(Given data Opens)

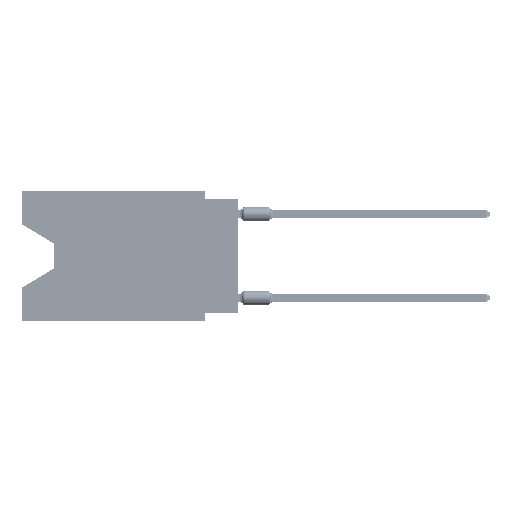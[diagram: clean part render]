
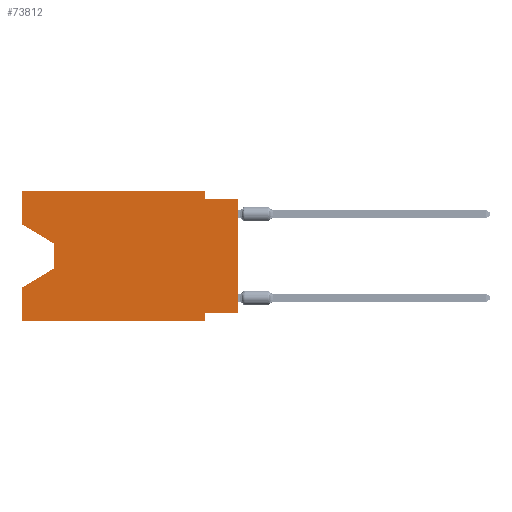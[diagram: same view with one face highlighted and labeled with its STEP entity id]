
A CAD part, left-side view. The second image highlights one B-rep face of the part: STEP entity #73812.
In plain terms, the highlighted planar face has unit normal (-1, 0, 0).
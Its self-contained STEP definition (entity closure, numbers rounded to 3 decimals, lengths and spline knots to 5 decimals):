
#596 = ORIENTED_EDGE ( 'NONE', *, *, #48889, .F. ) ;
#1150 = CARTESIAN_POINT ( 'NONE',  ( 0., 0., -0.365 ) ) ;
#1314 = CARTESIAN_POINT ( 'NONE',  ( 0., 0.645, -0.10025 ) ) ;
#1589 = CARTESIAN_POINT ( 'NONE',  ( 0., 0.645, 0. ) ) ;
#1602 = VERTEX_POINT ( 'NONE', #29639 ) ;
#3676 = DIRECTION ( 'NONE',  ( 0., 1., 0. ) ) ;
#4506 = DIRECTION ( 'NONE',  ( 0., 0., -1. ) ) ;
#5357 = CARTESIAN_POINT ( 'NONE',  ( 0., 0.645, -0.10025 ) ) ;
#5789 = DIRECTION ( 'NONE',  ( 0., -0.855, -0.519 ) ) ;
#5848 = LINE ( 'NONE', #18263, #47983 ) ;
#8889 = VECTOR ( 'NONE', #28547, 39.37008 ) ;
#9089 = LINE ( 'NONE', #1589, #8889 ) ;
#9599 = VECTOR ( 'NONE', #67102, 39.37008 ) ;
#10147 = EDGE_CURVE ( 'NONE', #13129, #50811, #51184, .T. ) ;
#12543 = VERTEX_POINT ( 'NONE', #42699 ) ;
#13129 = VERTEX_POINT ( 'NONE', #83651 ) ;
#14477 = ORIENTED_EDGE ( 'NONE', *, *, #52214, .F. ) ;
#14581 = VERTEX_POINT ( 'NONE', #30908 ) ;
#15336 = ORIENTED_EDGE ( 'NONE', *, *, #18144, .T. ) ;
#16155 = VECTOR ( 'NONE', #55506, 39.37008 ) ;
#16445 = VERTEX_POINT ( 'NONE', #1150 ) ;
#16948 = LINE ( 'NONE', #72518, #85180 ) ;
#17767 = LINE ( 'NONE', #5357, #25711 ) ;
#18144 = EDGE_CURVE ( 'NONE', #37173, #30637, #17767, .T. ) ;
#18263 = CARTESIAN_POINT ( 'NONE',  ( 0., 0.645, 0. ) ) ;
#18821 = VECTOR ( 'NONE', #43924, 39.37008 ) ;
#19204 = EDGE_CURVE ( 'NONE', #1602, #14581, #9089, .T. ) ;
#19816 = LINE ( 'NONE', #53367, #18821 ) ;
#21157 = VECTOR ( 'NONE', #4506, 39.37008 ) ;
#21260 = DIRECTION ( 'NONE',  ( 0., 0., 1. ) ) ;
#23671 = VECTOR ( 'NONE', #21260, 39.37008 ) ;
#25089 = CARTESIAN_POINT ( 'NONE',  ( 0., 0.55, -0.158 ) ) ;
#25711 = VECTOR ( 'NONE', #5789, 39.37008 ) ;
#26051 = LINE ( 'NONE', #77428, #9599 ) ;
#26508 = PLANE ( 'NONE',  #77875 ) ;
#28547 = DIRECTION ( 'NONE',  ( 0., -1., 0. ) ) ;
#29633 = LINE ( 'NONE', #68070, #23671 ) ;
#29639 = CARTESIAN_POINT ( 'NONE',  ( 0., 0.645, 0. ) ) ;
#30637 = VERTEX_POINT ( 'NONE', #25089 ) ;
#30908 = CARTESIAN_POINT ( 'NONE',  ( 0., 0.1, 0. ) ) ;
#31052 = EDGE_CURVE ( 'NONE', #14581, #63986, #76239, .T. ) ;
#32496 = VECTOR ( 'NONE', #74162, 39.37008 ) ;
#32769 = DIRECTION ( 'NONE',  ( 0., 0., 1. ) ) ;
#37173 = VERTEX_POINT ( 'NONE', #1314 ) ;
#39353 = LINE ( 'NONE', #64990, #21157 ) ;
#40624 = VERTEX_POINT ( 'NONE', #69717 ) ;
#41010 = VECTOR ( 'NONE', #63134, 39.37008 ) ;
#41322 = ORIENTED_EDGE ( 'NONE', *, *, #68284, .T. ) ;
#41452 = EDGE_CURVE ( 'NONE', #63986, #40624, #26051, .T. ) ;
#42011 = CARTESIAN_POINT ( 'NONE',  ( 0., 0.1, -0.365 ) ) ;
#42699 = CARTESIAN_POINT ( 'NONE',  ( 0., 0.645, -0.39 ) ) ;
#43598 = EDGE_CURVE ( 'NONE', #30637, #13129, #79914, .T. ) ;
#43735 = CARTESIAN_POINT ( 'NONE',  ( 0., 0.645, -0.28975 ) ) ;
#43760 = EDGE_CURVE ( 'NONE', #12543, #50811, #49859, .T. ) ;
#43924 = DIRECTION ( 'NONE',  ( 0., -1., 0. ) ) ;
#46037 = EDGE_CURVE ( 'NONE', #16445, #40624, #29633, .T. ) ;
#46777 = EDGE_LOOP ( 'NONE', ( #15336, #83836, #66060, #84464, #41322, #76600, #14477, #82606, #61627, #57388, #67949, #596 ) ) ;
#47248 = DIRECTION ( 'NONE',  ( 1., 0., 0. ) ) ;
#47983 = VECTOR ( 'NONE', #32769, 39.37008 ) ;
#48889 = EDGE_CURVE ( 'NONE', #37173, #1602, #5848, .T. ) ;
#49859 = LINE ( 'NONE', #76774, #77702 ) ;
#50811 = VERTEX_POINT ( 'NONE', #43735 ) ;
#51184 = LINE ( 'NONE', #70619, #41010 ) ;
#52214 = EDGE_CURVE ( 'NONE', #16445, #78158, #16948, .T. ) ;
#53367 = CARTESIAN_POINT ( 'NONE',  ( 0., 0.645, -0.39 ) ) ;
#55445 = CARTESIAN_POINT ( 'NONE',  ( 0., 0.1, -0.025 ) ) ;
#55506 = DIRECTION ( 'NONE',  ( 0., 0., -1. ) ) ;
#57388 = ORIENTED_EDGE ( 'NONE', *, *, #31052, .F. ) ;
#59790 = VERTEX_POINT ( 'NONE', #60204 ) ;
#60040 = CARTESIAN_POINT ( 'NONE',  ( 0., 0.645, 0. ) ) ;
#60204 = CARTESIAN_POINT ( 'NONE',  ( 0., 0.1, -0.39 ) ) ;
#61353 = CARTESIAN_POINT ( 'NONE',  ( 0., 0.55, -0.158 ) ) ;
#61361 = DIRECTION ( 'NONE',  ( 0., 0., -1. ) ) ;
#61627 = ORIENTED_EDGE ( 'NONE', *, *, #41452, .F. ) ;
#63134 = DIRECTION ( 'NONE',  ( 0., 0.855, -0.519 ) ) ;
#63986 = VERTEX_POINT ( 'NONE', #55445 ) ;
#64781 = EDGE_CURVE ( 'NONE', #78158, #59790, #39353, .T. ) ;
#64990 = CARTESIAN_POINT ( 'NONE',  ( 0., 0.1, -0.39 ) ) ;
#66060 = ORIENTED_EDGE ( 'NONE', *, *, #10147, .T. ) ;
#66675 = FACE_OUTER_BOUND ( 'NONE', #46777, .T. ) ;
#67102 = DIRECTION ( 'NONE',  ( 0., -1., 0. ) ) ;
#67949 = ORIENTED_EDGE ( 'NONE', *, *, #19204, .F. ) ;
#68070 = CARTESIAN_POINT ( 'NONE',  ( 0., 0., 0. ) ) ;
#68284 = EDGE_CURVE ( 'NONE', #12543, #59790, #19816, .T. ) ;
#69717 = CARTESIAN_POINT ( 'NONE',  ( 0., 0., -0.025 ) ) ;
#70619 = CARTESIAN_POINT ( 'NONE',  ( 0., 0.55, -0.232 ) ) ;
#72518 = CARTESIAN_POINT ( 'NONE',  ( 0., 0., -0.365 ) ) ;
#73812 = ADVANCED_FACE ( 'NONE', ( #66675 ), #26508, .F. ) ;
#74162 = DIRECTION ( 'NONE',  ( 0., 0., -1. ) ) ;
#76239 = LINE ( 'NONE', #82863, #16155 ) ;
#76600 = ORIENTED_EDGE ( 'NONE', *, *, #64781, .F. ) ;
#76774 = CARTESIAN_POINT ( 'NONE',  ( 0., 0.645, 0. ) ) ;
#77428 = CARTESIAN_POINT ( 'NONE',  ( 0., 0., -0.025 ) ) ;
#77702 = VECTOR ( 'NONE', #83832, 39.37008 ) ;
#77875 = AXIS2_PLACEMENT_3D ( 'NONE', #60040, #47248, #61361 ) ;
#78158 = VERTEX_POINT ( 'NONE', #42011 ) ;
#79914 = LINE ( 'NONE', #61353, #32496 ) ;
#82606 = ORIENTED_EDGE ( 'NONE', *, *, #46037, .T. ) ;
#82863 = CARTESIAN_POINT ( 'NONE',  ( 0., 0.1, 0. ) ) ;
#83651 = CARTESIAN_POINT ( 'NONE',  ( 0., 0.55, -0.232 ) ) ;
#83832 = DIRECTION ( 'NONE',  ( 0., 0., 1. ) ) ;
#83836 = ORIENTED_EDGE ( 'NONE', *, *, #43598, .T. ) ;
#84464 = ORIENTED_EDGE ( 'NONE', *, *, #43760, .F. ) ;
#85180 = VECTOR ( 'NONE', #3676, 39.37008 ) ;

(Given data Closes)

▶ **Your goal**
All lines from the one holding "#68070 = CARTESIAN_POINT" through the end of the entries need to be given again exactly. Leave out the others.

▶ **Finished exercise**
#68070 = CARTESIAN_POINT ( 'NONE',  ( 0., 0., 0. ) ) ;
#68284 = EDGE_CURVE ( 'NONE', #12543, #59790, #19816, .T. ) ;
#69717 = CARTESIAN_POINT ( 'NONE',  ( 0., 0., -0.025 ) ) ;
#70619 = CARTESIAN_POINT ( 'NONE',  ( 0., 0.55, -0.232 ) ) ;
#72518 = CARTESIAN_POINT ( 'NONE',  ( 0., 0., -0.365 ) ) ;
#73812 = ADVANCED_FACE ( 'NONE', ( #66675 ), #26508, .F. ) ;
#74162 = DIRECTION ( 'NONE',  ( 0., 0., -1. ) ) ;
#76239 = LINE ( 'NONE', #82863, #16155 ) ;
#76600 = ORIENTED_EDGE ( 'NONE', *, *, #64781, .F. ) ;
#76774 = CARTESIAN_POINT ( 'NONE',  ( 0., 0.645, 0. ) ) ;
#77428 = CARTESIAN_POINT ( 'NONE',  ( 0., 0., -0.025 ) ) ;
#77702 = VECTOR ( 'NONE', #83832, 39.37008 ) ;
#77875 = AXIS2_PLACEMENT_3D ( 'NONE', #60040, #47248, #61361 ) ;
#78158 = VERTEX_POINT ( 'NONE', #42011 ) ;
#79914 = LINE ( 'NONE', #61353, #32496 ) ;
#82606 = ORIENTED_EDGE ( 'NONE', *, *, #46037, .T. ) ;
#82863 = CARTESIAN_POINT ( 'NONE',  ( 0., 0.1, 0. ) ) ;
#83651 = CARTESIAN_POINT ( 'NONE',  ( 0., 0.55, -0.232 ) ) ;
#83832 = DIRECTION ( 'NONE',  ( 0., 0., 1. ) ) ;
#83836 = ORIENTED_EDGE ( 'NONE', *, *, #43598, .T. ) ;
#84464 = ORIENTED_EDGE ( 'NONE', *, *, #43760, .F. ) ;
#85180 = VECTOR ( 'NONE', #3676, 39.37008 ) ;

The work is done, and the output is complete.